Chemical reactions occur every day all around us. A chemical reaction is a process where one type of substance is chemically converted to another substance. The Sun in the sky is one big chemical reaction. The fire in your fireplace is another type of chemical reaction. The smoke that comes out of Dad’s ears when you lose one of his favorite golf clubs is a result of a chemical reaction. OK, so maybe that’s a bad example. This experiment demonstrates a chemical reaction that’s fairly common all around us (and we don’t have to touch Dad’s golf clubs to make this one work).

  1. Put the thermometer in the jar and close the lid.
  2. Wait about 5 minutes and write down the temperature.
  3. Remove the thermometer from the jar.
  4. Soak a piece of steel wool in vinegar for one minute.
  5. Squeeze the vinegar out of the steel wool pad.
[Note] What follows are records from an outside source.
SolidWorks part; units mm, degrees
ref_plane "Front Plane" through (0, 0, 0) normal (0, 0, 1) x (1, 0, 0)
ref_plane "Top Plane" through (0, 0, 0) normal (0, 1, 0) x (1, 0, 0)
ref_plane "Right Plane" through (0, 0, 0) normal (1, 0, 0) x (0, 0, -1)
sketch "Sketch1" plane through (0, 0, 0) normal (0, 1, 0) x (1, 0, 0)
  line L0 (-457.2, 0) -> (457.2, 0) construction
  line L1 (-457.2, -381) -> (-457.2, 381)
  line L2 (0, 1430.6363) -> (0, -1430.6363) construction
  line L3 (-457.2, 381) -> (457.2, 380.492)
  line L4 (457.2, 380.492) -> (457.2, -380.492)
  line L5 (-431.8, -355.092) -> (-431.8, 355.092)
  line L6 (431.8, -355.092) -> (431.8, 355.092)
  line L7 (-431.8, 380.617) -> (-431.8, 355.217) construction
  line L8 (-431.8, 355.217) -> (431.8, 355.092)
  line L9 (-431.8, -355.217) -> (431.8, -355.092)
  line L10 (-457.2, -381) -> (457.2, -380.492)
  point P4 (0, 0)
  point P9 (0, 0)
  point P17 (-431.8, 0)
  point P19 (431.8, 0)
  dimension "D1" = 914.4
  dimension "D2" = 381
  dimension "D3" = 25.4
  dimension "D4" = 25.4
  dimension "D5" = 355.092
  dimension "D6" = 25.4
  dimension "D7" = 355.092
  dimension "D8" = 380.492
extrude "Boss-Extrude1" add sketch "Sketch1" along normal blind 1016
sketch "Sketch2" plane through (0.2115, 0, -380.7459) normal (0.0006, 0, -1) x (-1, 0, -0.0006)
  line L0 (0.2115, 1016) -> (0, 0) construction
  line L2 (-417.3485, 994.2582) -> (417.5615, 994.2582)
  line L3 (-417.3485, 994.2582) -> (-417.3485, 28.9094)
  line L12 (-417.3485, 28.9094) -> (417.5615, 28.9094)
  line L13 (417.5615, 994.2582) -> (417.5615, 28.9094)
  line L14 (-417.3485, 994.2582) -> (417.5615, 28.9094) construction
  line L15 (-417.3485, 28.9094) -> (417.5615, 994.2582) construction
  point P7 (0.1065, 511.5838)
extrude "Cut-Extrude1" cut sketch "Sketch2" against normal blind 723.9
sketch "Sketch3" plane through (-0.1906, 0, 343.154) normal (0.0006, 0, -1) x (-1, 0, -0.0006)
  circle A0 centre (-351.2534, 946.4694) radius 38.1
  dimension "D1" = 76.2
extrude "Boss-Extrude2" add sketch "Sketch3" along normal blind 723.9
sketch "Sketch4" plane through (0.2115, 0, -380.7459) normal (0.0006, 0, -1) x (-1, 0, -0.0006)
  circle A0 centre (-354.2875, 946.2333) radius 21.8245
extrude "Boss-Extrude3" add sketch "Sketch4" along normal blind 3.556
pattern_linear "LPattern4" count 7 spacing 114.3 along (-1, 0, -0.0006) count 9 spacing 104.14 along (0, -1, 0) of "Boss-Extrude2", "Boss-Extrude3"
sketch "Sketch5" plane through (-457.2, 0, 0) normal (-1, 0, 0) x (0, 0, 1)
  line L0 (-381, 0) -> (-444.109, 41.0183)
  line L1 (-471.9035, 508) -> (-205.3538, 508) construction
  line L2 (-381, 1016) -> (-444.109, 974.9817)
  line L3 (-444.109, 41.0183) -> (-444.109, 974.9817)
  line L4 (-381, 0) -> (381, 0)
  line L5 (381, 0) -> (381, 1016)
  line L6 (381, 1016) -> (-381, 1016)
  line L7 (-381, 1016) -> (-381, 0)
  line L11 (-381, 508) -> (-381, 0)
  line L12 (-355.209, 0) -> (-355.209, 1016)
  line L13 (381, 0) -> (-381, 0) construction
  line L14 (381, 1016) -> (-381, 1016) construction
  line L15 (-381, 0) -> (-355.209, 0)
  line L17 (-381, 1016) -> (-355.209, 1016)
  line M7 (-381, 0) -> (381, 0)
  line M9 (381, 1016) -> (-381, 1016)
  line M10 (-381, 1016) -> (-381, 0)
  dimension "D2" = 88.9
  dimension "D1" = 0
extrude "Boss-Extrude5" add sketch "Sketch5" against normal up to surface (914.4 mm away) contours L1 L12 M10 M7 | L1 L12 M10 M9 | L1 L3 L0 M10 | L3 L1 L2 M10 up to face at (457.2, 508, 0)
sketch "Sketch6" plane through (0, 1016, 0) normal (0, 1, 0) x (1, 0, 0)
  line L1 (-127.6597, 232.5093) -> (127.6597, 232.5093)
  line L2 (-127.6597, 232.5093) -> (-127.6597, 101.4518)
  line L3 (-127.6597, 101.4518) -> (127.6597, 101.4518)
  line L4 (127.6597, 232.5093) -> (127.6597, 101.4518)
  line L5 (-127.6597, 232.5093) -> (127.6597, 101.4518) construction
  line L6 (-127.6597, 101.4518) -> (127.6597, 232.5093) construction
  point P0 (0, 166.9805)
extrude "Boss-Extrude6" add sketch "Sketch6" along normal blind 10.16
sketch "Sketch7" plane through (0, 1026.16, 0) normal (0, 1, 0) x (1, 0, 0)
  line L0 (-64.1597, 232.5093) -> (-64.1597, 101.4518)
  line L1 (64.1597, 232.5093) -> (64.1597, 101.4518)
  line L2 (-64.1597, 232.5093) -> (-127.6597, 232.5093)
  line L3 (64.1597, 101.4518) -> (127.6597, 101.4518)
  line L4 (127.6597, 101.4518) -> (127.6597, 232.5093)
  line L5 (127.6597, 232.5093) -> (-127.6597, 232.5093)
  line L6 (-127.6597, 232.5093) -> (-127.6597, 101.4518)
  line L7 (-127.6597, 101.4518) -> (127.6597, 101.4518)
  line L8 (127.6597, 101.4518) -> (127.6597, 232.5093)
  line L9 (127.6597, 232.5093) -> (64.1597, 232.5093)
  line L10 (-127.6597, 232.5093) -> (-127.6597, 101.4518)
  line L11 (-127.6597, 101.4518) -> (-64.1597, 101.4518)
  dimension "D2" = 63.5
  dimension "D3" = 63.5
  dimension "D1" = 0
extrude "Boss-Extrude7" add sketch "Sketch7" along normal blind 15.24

Wrap the steel wool around the bulb of the thermometer.
  6. Place the thermometer and steel wool back into the jar and close the lid.
  7. Wait 5 minutes.
  8. Now take a look at the temperature.

What happened to the temperature? Are you surprised that it the temperature rose (sorry this experiment didn’t produce any smoke but then again, you didn’t get grounded either).

The vinegar removes any protective coating from the steel wool, allowing the iron in the steel to rust. Rusting is a slow combination of iron with oxygen. When this happens, heat energy is released. The heat released by the rusting of the iron causes the mercury in the thermometer to expand and rise.

Parent’s Note. Chemical reaction is a process in which one substance is chemically converted to another. All chemical reactions involve the formation or destruction of bonds between atoms . Chemical reactions include the rusting of iron and the digestion of food. Most chemical reactions release heat. For example, chemical reactions that occur in digestion give off heat that keeps our bodies warm and functioning.

Chemists use chemical equations to express what occurs in chemical reactions. Chemical equations consist of chemical formulas and symbols that show the substances involved in chemical changes. The chemical reaction for the rusting of iron shows that four atoms of solid iron react with three molecules of oxygen gas to form two units of solid rust. Experiments demonstrate that iron and oxygen react in these proportions in air at room temperature. Rust is the product, or result, of the reaction. Iron and oxygen are the reactants. The reactants are the substances that undergo chemical change.